● Problem requirements
Your answer should be every line from the records that contains "ezdxf".

● Dataset entries
____
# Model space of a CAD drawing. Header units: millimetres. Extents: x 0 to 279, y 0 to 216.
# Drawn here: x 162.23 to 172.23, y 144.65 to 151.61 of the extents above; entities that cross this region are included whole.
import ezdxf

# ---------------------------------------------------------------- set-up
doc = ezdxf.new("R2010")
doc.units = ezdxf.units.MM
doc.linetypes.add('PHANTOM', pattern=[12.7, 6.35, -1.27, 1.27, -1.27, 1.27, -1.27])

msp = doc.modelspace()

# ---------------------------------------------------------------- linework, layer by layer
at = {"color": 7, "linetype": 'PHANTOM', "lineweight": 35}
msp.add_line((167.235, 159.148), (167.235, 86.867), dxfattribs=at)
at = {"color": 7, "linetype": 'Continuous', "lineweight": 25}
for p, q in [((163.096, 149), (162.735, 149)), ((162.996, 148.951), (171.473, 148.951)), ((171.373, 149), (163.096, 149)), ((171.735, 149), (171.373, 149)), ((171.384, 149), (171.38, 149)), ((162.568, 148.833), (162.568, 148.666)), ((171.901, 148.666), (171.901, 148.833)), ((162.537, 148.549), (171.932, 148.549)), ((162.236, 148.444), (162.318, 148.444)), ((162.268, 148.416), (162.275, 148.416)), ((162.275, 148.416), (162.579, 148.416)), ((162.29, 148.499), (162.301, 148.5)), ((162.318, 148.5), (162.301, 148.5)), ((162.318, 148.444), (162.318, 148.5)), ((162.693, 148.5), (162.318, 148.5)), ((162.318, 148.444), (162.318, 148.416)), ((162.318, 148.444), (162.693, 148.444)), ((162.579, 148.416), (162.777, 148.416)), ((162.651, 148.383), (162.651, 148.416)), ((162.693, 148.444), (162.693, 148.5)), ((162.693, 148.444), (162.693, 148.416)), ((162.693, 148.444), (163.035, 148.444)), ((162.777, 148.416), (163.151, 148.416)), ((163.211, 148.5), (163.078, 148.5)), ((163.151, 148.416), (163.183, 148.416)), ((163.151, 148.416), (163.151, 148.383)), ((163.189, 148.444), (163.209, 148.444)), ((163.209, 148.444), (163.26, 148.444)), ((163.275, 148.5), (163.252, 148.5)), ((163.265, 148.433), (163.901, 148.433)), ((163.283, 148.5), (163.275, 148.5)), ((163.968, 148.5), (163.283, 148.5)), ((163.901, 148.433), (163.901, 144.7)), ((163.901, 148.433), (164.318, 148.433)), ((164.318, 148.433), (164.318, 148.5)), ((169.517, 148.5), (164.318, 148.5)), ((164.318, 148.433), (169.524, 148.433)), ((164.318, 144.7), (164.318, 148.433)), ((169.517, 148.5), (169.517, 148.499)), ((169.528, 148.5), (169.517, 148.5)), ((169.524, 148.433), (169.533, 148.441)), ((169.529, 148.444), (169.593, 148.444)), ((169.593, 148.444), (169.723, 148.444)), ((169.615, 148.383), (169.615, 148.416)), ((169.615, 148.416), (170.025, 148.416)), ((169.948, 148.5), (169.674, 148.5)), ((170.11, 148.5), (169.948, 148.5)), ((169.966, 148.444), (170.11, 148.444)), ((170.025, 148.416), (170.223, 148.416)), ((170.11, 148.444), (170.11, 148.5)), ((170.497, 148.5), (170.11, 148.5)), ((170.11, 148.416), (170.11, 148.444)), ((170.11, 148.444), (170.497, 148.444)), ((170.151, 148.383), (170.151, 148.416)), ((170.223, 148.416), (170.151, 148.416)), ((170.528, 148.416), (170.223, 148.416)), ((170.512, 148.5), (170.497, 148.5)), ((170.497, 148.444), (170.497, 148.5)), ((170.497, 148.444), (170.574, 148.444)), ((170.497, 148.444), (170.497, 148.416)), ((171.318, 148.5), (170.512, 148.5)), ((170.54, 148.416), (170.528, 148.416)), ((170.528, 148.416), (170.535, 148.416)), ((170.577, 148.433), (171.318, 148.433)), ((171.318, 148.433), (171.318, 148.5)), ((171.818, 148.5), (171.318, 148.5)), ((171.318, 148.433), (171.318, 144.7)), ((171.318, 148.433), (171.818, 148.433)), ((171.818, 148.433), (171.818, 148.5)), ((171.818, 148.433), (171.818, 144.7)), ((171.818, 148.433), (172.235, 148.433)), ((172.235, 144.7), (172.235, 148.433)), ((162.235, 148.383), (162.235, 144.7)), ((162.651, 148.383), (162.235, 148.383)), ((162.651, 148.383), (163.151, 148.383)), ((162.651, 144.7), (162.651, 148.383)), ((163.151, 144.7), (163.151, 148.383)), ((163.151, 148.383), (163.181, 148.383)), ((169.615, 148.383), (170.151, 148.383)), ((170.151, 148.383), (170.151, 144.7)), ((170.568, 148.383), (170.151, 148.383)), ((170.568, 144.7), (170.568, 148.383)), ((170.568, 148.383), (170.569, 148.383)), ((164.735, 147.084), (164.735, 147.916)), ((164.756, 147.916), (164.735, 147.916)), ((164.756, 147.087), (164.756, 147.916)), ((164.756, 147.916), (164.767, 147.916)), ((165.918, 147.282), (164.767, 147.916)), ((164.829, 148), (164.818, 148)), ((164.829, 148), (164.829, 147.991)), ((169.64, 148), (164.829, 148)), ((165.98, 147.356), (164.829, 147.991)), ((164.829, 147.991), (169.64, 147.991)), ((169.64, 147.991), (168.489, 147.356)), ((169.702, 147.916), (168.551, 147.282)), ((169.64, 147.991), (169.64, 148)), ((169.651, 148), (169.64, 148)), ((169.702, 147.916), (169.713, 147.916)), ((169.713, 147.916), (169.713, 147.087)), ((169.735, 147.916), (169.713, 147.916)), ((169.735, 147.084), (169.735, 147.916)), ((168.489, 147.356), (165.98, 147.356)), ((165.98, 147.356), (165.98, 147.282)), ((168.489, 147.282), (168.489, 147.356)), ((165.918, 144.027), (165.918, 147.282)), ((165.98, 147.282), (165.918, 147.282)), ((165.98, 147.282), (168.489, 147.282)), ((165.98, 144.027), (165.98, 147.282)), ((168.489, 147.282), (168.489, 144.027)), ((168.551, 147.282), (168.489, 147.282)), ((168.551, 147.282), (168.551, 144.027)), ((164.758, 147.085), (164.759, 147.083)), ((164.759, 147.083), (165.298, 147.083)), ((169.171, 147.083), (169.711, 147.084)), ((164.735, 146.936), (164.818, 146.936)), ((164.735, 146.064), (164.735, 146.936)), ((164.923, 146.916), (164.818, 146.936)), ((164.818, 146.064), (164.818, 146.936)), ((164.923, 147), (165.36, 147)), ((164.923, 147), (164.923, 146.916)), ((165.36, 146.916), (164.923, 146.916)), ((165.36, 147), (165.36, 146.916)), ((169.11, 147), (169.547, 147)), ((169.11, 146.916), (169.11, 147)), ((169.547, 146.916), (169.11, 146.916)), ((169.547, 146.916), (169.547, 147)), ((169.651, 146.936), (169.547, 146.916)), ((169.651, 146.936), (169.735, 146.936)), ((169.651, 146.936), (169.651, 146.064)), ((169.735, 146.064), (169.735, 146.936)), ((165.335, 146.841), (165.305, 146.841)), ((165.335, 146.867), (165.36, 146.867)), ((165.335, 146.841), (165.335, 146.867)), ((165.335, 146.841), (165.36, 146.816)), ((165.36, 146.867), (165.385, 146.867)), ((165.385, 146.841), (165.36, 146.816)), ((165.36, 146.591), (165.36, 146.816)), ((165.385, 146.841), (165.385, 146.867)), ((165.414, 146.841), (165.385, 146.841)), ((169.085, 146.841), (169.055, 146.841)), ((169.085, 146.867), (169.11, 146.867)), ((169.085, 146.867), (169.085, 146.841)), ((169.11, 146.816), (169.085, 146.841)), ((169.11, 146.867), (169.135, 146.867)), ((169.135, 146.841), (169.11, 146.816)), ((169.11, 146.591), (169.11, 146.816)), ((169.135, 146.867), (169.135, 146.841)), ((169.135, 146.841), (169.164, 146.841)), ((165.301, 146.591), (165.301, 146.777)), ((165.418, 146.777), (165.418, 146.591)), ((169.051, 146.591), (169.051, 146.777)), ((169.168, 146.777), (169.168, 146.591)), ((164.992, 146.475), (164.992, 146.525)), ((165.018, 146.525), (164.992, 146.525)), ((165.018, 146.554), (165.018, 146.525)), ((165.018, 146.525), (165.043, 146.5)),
____
● Completed task
import ezdxf
doc = ezdxf.new("R2010")
doc.units = ezdxf.units.MM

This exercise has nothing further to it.